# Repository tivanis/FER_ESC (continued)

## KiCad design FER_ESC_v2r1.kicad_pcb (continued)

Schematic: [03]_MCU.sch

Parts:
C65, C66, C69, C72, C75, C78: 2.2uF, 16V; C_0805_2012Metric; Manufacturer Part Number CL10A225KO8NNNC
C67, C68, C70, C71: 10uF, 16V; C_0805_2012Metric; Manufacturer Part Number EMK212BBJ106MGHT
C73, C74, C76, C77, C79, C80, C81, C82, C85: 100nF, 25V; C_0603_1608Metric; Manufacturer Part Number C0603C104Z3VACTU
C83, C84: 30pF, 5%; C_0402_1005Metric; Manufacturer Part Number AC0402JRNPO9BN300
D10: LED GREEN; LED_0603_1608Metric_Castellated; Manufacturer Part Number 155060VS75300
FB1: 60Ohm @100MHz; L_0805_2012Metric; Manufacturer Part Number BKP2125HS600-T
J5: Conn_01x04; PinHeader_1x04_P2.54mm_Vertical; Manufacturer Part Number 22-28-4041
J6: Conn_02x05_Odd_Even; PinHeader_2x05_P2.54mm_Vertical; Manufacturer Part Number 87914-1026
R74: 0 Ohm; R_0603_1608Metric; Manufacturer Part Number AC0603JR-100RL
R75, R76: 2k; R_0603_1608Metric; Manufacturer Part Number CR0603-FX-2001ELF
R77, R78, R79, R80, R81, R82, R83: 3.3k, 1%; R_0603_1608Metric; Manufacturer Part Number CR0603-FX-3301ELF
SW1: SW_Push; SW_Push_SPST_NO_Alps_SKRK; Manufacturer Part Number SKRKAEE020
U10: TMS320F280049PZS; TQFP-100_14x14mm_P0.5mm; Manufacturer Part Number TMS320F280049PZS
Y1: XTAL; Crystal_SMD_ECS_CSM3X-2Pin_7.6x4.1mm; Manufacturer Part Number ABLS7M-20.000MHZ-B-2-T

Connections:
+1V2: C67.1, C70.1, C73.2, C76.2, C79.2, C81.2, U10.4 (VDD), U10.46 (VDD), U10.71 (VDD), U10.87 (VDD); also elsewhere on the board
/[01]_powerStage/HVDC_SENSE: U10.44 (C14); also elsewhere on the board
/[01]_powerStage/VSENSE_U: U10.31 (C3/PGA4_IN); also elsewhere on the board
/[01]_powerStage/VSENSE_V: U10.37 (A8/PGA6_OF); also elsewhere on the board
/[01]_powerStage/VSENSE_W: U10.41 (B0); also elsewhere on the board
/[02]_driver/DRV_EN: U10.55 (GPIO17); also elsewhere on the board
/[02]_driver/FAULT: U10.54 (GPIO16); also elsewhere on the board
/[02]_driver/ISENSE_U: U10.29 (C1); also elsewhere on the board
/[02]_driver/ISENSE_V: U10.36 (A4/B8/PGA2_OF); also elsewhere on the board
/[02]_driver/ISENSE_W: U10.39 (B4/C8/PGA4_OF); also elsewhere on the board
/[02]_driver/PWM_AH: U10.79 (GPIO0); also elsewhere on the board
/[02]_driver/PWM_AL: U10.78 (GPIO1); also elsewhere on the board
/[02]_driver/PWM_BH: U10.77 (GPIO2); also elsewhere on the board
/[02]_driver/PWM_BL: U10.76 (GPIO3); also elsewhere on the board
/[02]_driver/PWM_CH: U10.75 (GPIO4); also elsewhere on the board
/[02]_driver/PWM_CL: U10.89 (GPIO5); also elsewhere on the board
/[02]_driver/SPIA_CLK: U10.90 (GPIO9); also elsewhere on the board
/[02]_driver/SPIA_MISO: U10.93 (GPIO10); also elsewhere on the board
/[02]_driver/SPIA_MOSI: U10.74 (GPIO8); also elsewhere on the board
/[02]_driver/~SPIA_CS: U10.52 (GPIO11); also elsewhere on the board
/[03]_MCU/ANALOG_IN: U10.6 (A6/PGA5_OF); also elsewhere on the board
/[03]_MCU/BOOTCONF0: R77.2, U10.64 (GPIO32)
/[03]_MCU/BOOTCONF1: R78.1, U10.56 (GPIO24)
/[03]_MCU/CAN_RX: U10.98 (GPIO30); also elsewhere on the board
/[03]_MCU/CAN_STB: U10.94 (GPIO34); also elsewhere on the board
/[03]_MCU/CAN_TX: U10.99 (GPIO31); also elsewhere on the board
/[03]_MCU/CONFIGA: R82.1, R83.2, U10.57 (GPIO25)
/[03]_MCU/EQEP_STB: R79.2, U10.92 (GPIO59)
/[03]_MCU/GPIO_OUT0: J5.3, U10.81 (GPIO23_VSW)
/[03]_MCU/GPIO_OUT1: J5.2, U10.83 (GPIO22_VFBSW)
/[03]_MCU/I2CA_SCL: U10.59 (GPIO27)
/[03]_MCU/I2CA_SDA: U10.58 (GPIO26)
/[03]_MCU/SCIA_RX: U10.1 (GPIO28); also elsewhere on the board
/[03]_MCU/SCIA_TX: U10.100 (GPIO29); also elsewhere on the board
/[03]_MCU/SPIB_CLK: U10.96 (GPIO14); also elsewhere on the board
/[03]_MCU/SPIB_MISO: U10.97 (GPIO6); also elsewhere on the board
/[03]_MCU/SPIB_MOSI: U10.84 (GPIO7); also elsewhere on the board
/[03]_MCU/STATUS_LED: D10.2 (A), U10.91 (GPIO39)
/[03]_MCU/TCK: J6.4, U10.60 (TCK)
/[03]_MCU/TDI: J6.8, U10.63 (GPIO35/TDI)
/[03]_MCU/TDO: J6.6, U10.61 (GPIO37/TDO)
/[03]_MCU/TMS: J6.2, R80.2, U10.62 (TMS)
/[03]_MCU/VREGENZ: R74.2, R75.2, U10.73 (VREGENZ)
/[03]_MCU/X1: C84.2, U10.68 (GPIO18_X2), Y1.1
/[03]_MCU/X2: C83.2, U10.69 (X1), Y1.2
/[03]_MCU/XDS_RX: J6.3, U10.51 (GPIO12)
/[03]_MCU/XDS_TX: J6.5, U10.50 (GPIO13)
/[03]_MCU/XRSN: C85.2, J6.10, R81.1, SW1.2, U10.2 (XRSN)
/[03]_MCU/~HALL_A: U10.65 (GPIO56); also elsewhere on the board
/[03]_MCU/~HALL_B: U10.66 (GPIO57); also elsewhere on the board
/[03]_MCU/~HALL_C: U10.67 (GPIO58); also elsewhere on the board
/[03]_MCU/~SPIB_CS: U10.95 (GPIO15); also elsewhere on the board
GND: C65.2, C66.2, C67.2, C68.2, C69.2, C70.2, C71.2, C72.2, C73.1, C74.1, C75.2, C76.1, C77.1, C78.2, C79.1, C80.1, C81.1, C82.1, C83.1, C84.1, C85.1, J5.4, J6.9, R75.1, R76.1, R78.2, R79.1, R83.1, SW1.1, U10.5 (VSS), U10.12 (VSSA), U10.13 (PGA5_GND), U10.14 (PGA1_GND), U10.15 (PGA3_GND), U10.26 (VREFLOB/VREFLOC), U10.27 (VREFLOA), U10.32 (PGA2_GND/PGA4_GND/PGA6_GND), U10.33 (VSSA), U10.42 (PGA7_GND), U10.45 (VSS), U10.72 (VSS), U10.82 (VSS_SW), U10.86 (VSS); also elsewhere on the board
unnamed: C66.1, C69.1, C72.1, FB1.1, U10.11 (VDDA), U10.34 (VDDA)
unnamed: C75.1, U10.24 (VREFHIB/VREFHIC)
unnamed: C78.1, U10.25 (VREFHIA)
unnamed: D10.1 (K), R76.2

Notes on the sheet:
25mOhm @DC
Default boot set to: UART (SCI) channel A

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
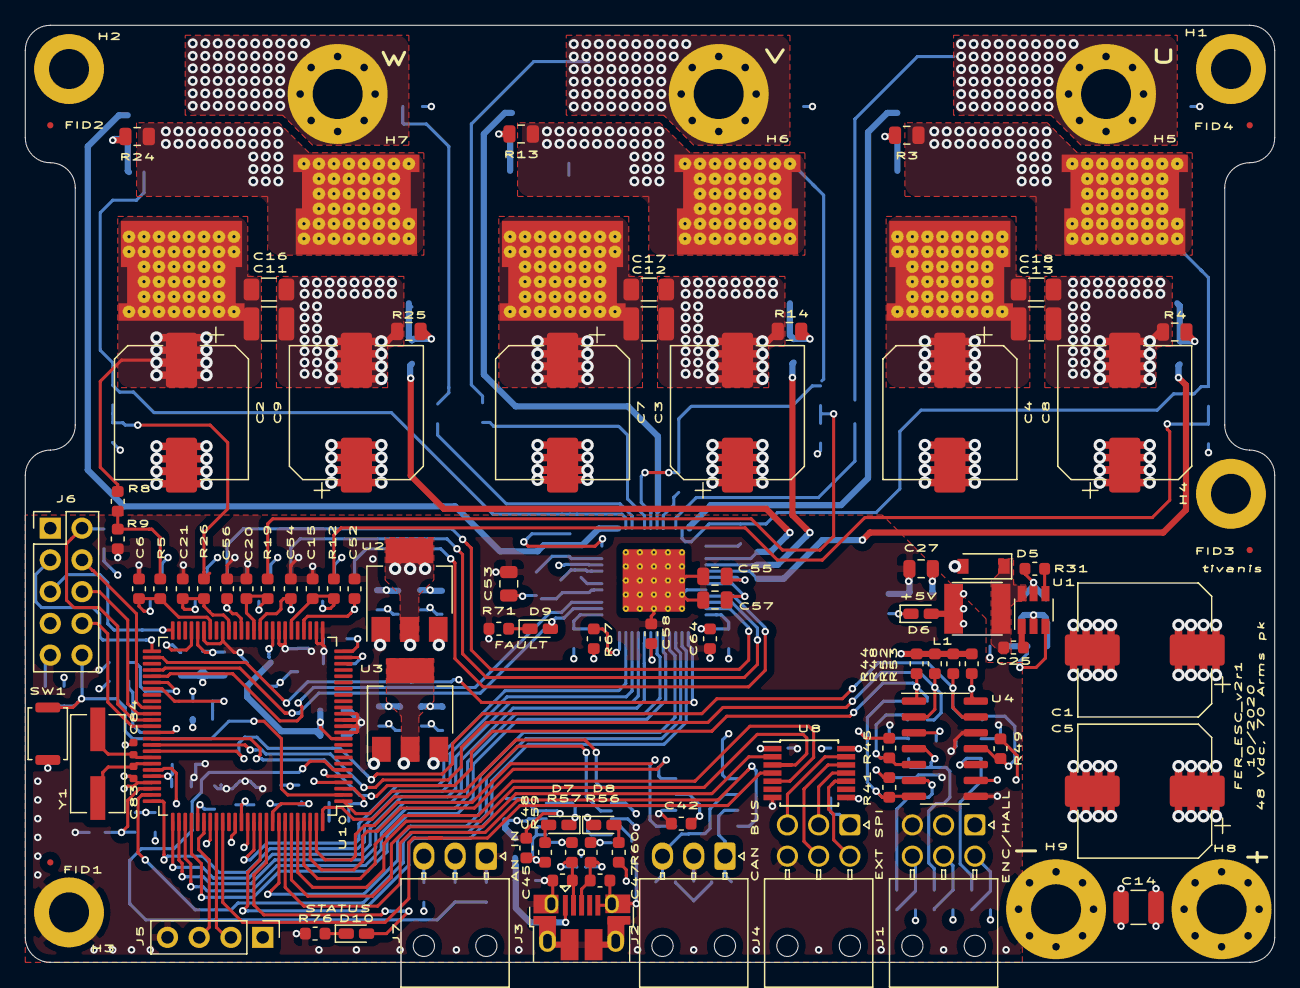
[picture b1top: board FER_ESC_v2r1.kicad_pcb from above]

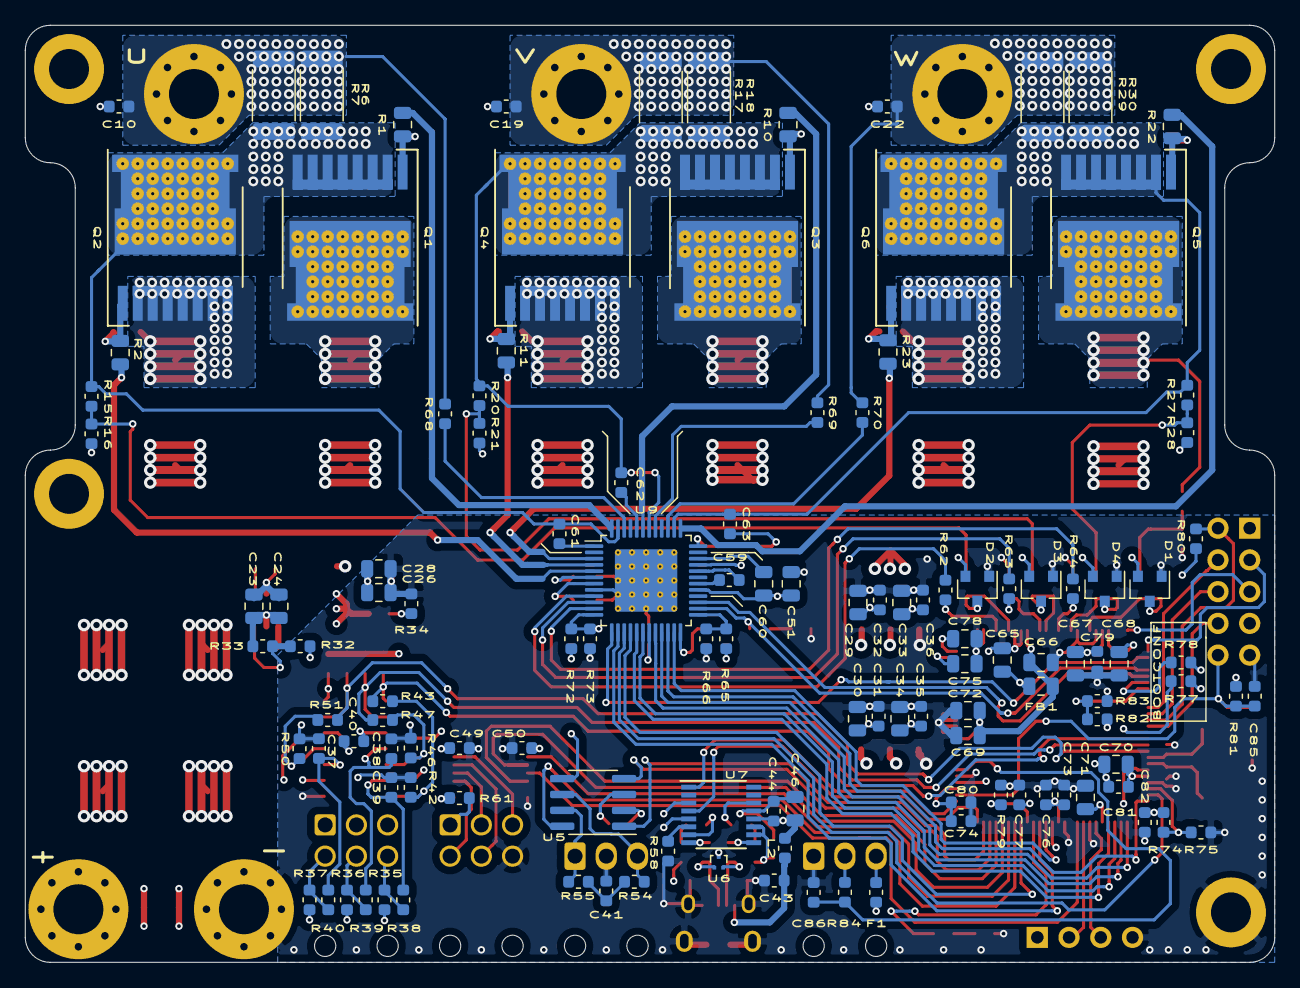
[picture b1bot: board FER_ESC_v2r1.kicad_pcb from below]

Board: 4 copper layers, 100.0 x 75.0 mm, 222 parts (125 on the bottom side), 135 nets.

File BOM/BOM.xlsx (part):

Ref | Qnty | Value | Cmp name | Footprint | Description | Manufacturer Part Number
C6, C15, C20, C21, C25, C32, C36, C31, C35, C40, C42, C48, C44, C43, C50, C49, 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 | 31 | 100nF, 25V | C_Small | Capacitor_SMD:C_0603_1608Metric | Unpolarized capacitor, small symbol | C0603C104Z3VACTU
C7, C8, C9, C3, C4, C5, C2, C1, | 8 | 100uF, 63V | CP | Capacitor_SMD:CP_Elec_10x14.3 | Polarized capacitor | EEH-ZS1J151V
C10, C19, C22, | 3 | 1nF, 100V | C_Small | Capacitor_SMD:C_0603_1608Metric | Unpolarized capacitor, small symbol | C0603C102K1RACTU
C11, C12, C13, C14, | 4 | 10uF, 63V | C_Small | Capacitor_SMD:C_1210_3225Metric | Unpolarized capacitor, small symbol | CL32B106KMVNNWE
C16, C17, C18, | 3 | 0.22uF, 63V | C_Small | Capacitor_SMD:C_1206_3216Metric | Unpolarized capacitor, small symbol | C1206C224MMRECTU
C23, C24, | 2 | 1uF, 100V | C_Small | Capacitor_SMD:C_0805_2012Metric | Unpolarized capacitor, small symbol | GRM21BC72A105KE01L
C26, C27, C46, C55, C57, | 5 | 4.7uF, 25V | C_Small | Capacitor_SMD:C_0805_2012Metric | Unpolarized capacitor, small symbol | 885012107018
C28, | 1 | 1uF, 25V | C_Small | Capacitor_SMD:C_0805_2012Metric | Unpolarized capacitor, small symbol | VJ0805Y105KXXTW1BC
C29, C33, C30, C34, C67, C70, C68, C71, | 8 | 10uF, 16V | C_Small | Capacitor_SMD:C_0805_2012Metric | Unpolarized capacitor, small symbol | EMK212BBJ106MGHT
C37, C38, C39, | 3 | 100pF | C_Small | Capacitor_SMD:C_0603_1608Metric | Unpolarized capacitor, small symbol | 885012206077
C41, | 1 | 10nF, 50V | C_Small | Capacitor_SMD:C_0603_1608Metric | Unpolarized capacitor, small symbol | 885012206089
C45, C47, | 2 | 47pF, 25V | C_Small | Capacitor_SMD:C_0603_1608Metric | Unpolarized capacitor, small symbol | VJ0603A470JXXPW1BC
C53, C60, C51, | 3 | 100nF, 100V | C_Small | Capacitor_SMD:C_0805_2012Metric | Unpolarized capacitor, small symbol | 885012207128
C59, | 1 | 22nF, 100V | C_Small | Capacitor_SMD:C_0603_1608Metric | Unpolarized capacitor, small symbol | C0603C223K1RACTU
C61, C62, C63, | 3 | 470nF, 16V | C_Small | Capacitor_SMD:C_0603_1608Metric | Unpolarized capacitor, small symbol | CC0603JRX7R7BB474
C78, C75, C72, C69, C66, C65, | 6 | 2.2uF, 16V | C_Small | Capacitor_SMD:C_0805_2012Metric | Unpolarized capacitor, small symbol | CL10A225KO8NNNC
C84, C83, | 2 | 30pF, 5% | C_Small | Capacitor_SMD:C_0402_1005Metric | Unpolarized capacitor, small symbol | AC0402JRNPO9BN300
D1, D2, D3, D4, | 4 | BAT54S | BAT54S | Package_TO_SOT_SMD:SOT-23 | schottky barrier diode | BAT54S-TP
D5, | 1 | RB168MM100TFTR | D_Schottky_Small | Diode_SMD:D_SOD-123 | Schottky diode, small symbol | RB168MM100TFTR
D6, D7, D8, D10, | 4 | LED GREEN | LED | LED_SMD:LED_0603_1608Metric_Castellated | Light emitting diode | 155060VS75300
D9, | 1 | LED, RED | LED | LED_SMD:LED_0603_1608Metric_Castellated | Light emitting diode | 150060RS75000
F1, | 1 | Fuse_Small | Fuse_Small | Fuse:Fuse_0603_1608Metric | Fuse, small symbol | F0603G0R15FNTR
FB1, | 1 | 60Ohm @100MHz | Ferrite_Bead_Small | Inductor_SMD:L_0805_2012Metric | Ferrite bead, small symbol | BKP2125HS600-T
FID1, FID3, FID2, FID4, | 4 | Fiducial | Fiducial | Fiducial:Fiducial_0.5mm_Mask1.5mm | Fiducial Marker
H4, H2, H3, H1, | 4 | MountingHole_Pad | MountingHole_Pad | MountingHole:MountingHole_3.2mm_M3_DIN965_Pad | Mounting Hole with connection
H7, H6, H5, | 3 | MountingHole_Pad | MountingHole_Pad | MountingHole:MountingHole_4mm_Pad_Via | Mounting Hole with connection
H8, | 1 | +BATT | MountingHole_Pad | MountingHole:MountingHole_4mm_Pad_Via | Mounting Hole with connection
H9, | 1 | GND | MountingHole_Pad | MountingHole:MountingHole_4mm_Pad_Via | Mounting Hole with connection
J1, J4, | 2 | Conn_02x03_Odd_Even | Conn_02x03_Top_Bottom | Connector_Molex:Molex_Nano-Fit_105314-xx06_2x03_P2.50mm_Horizontal | Generic connector, double row, 02x03, top/bottom pin numbering scheme (row 1: 1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 | 105314-1206
J2, J7, | 2 | Conn_01x03_Male | Conn_01x03 | Connector_Molex:Molex_Nano-Fit_105313-xx03_1x03_P2.50mm_Horizontal | Generic connector, single row, 01x03, script generated (kicad-library-utils/sch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 | 105313-1203
J3, | 1 | USB_B_Micro | USB_B_Micro | Connector_USB:USB_Micro-B_Amphenol_10103594-0001LF_Horizontal | USB Micro Type B connector | 10103594-0001LF
J5, | 1 | Conn_01x04 | Conn_01x04 | Connector_PinHeader_2.54mm:PinHeader_1x04_P2.54mm_Vertical | Generic connector, single row, 01x04, script generated (kicad-library-utils/sch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 | 22-28-4041
J6, | 1 | Conn_02x05_Odd_Even | Conn_02x05_Odd_Even | Connector_PinHeader_2.54mm:PinHeader_2x05_P2.54mm_Vertical | Generic connector, double row, 02x05, odd/even pin numbering scheme (row 1 odd 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 | 87914-1026
L1, | 1 | 6.8uH, 1.6A | L_Core_Ferrite | FER_ZESA_FP:L_Taiyo-Yuden_NR-40xx_HandSoldering_ALT | Inductor with ferrite core | TYS40306R8M-10
L2, | 1 | MH1608-300Y | L_Core_Ferrite_Small | Inductor_SMD:L_0603_1608Metric | Inductor with ferrite core, small symbol | MH1608-300Y
Q3, Q5, Q6, Q4, Q1, Q2, | 6 | IPT007N06N | Q_NMOS_GSD | Package_TO_SOT_SMD:Infineon_PG-HSOF-8-1_ThermalVias | N-MOSFET transistor, gate/source/drain | NVBLS001N06C
R1, R2, R10, R11, R22, R23, | 6 | 6.2 Ohm | R_Small | Resistor_SMD:R_0805_2012Metric | Resistor, small symbol | ERJ-P06J6R2V
R5, R12, R19, R26, R62, R63, R64, R84, | 8 | 39 Ohm | R_Small | Resistor_SMD:R_0603_1608Metric | Resistor, small symbol | CR0603-FX-39R0ELF
R8, R15, R20, R27, | 4 | 44.2k, 1% | R_Small | Resistor_SMD:R_0603_1608Metric | Resistor, small symbol | CR0603-FX-4422ELF
R9, R16, R21, R28, | 4 | 2.4k, 1% | R_Small | Resistor_SMD:R_0603_1608Metric | Resistor, small symbol | CR0603-FX-2401ELF
R25, R24, R14, R13, R4, R3, | 6 | 22k | R_Small | Resistor_SMD:R_0805_2012Metric | Resistor, small symbol | ERJ-PA3J223V
R30, R29, R18, R17, R7, R6, | 6 | 3 mOhm | R_Small | Resistor_SMD:R_2512_6332Metric | Resistor, small symbol | CSS2H-2512K-3L00FE
R31, | 1 | 100k | R_Small | Resistor_SMD:R_0603_1608Metric | Resistor, small symbol | CR0603-FX-1003ELF
R32, | 1 | 55.6k, 0.1% | R_Small | Resistor_SMD:R_0603_1608Metric | Resistor, small symbol | RN731JTTD5562B25
R33, R72, R73, | 3 | 10k, 0.1% | R_Small | Resistor_SMD:R_0603_1608Metric | Resistor, small symbol | ERA-3AEB103V
R34, R59, R60, R71, | 4 | 330 Ohm | R_Small | Resistor_SMD:R_0603_1608Metric | Resistor, small symbol | CR0603-FX-3300ELF
R37, R36, R35, R76, R75, | 5 | 2k | R_Small | Resistor_SMD:R_0603_1608Metric | Resistor, small symbol | CR0603-FX-2001ELF
R38, R40, R39, | 3 | 4.7k | R_Small | Resistor_SMD:R_0603_1608Metric | Resistor, small symbol | CR0603-FX-4701ELF
R41, R45, R49, | 3 | 13k, 1% | R_Small | Resistor_SMD:R_0603_1608Metric | Resistor, small symbol | CR0603-FX-1302ELF
R42, R46, R50, | 3 | 13,3k, 1% | R_Small | Resistor_SMD:R_0603_1608Metric | Resistor, small symbol | CR0603-FX-1332ELF
R43, R47, R51, | 3 | 200k, 1% | R_Small | Resistor_SMD:R_0603_1608Metric | Resistor, small symbol | CR0603-FX-2003ELF
R44, R48, R52, R53, R81, R82, R83, R79, R77, R78, R80, | 11 | 3.3k, 1% | R_Small | Resistor_SMD:R_0603_1608Metric | Resistor, small symbol | CR0603-FX-3301ELF
R54, R55, | 2 | 60.4R | R_Small | Resistor_SMD:R_0603_1608Metric | Resistor, small symbol | ERJ-3EKF60R4V
R56, R57, | 2 | 27R | R_Small | Resistor_SMD:R_0603_1608Metric | Resistor, small symbol | CR0603-FX-27R0ELF
R58, R61, R65, | 3 | 10k | R_Small | Resistor_SMD:R_0603_1608Metric | Resistor, small symbol | CR0603-FX-1002ELF
R66, R67, R74, | 3 | 0 Ohm | R_Small | Resistor_SMD:R_0603_1608Metric | Resistor, small symbol | AC0603JR-100RL
R70, R69, R68, | 3 | 10 Ohm | R_Small | Resistor_SMD:R_0603_1608Metric | Resistor, small symbol | CR0603AFX-10R0EAS
SW1, | 1 | SW_Push | SW_Push | Button_Switch_SMD:SW_Push_SPST_NO_Alps_SKRK | Push button switch, generic, two pins | SKRKAEE020
U1, | 1 | LMR16006XDDCR | LMR16006XDDCR | Package_TO_SOT_SMD:TSOT-23-6 | Voltage Regulators - Switching Regulators LMR16006 SIMPLE SWIT 60V Buck | LMR16006XDDCR
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
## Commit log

2021-03-23 Initial FER_ESC_v2r1 project
2021-03-23 Removed relief from DC input
* * *
▶ _Work request_
Within the preceding material, tally each line that holds the word "emitting". Write down only the total.

▶ _Solved problem_
2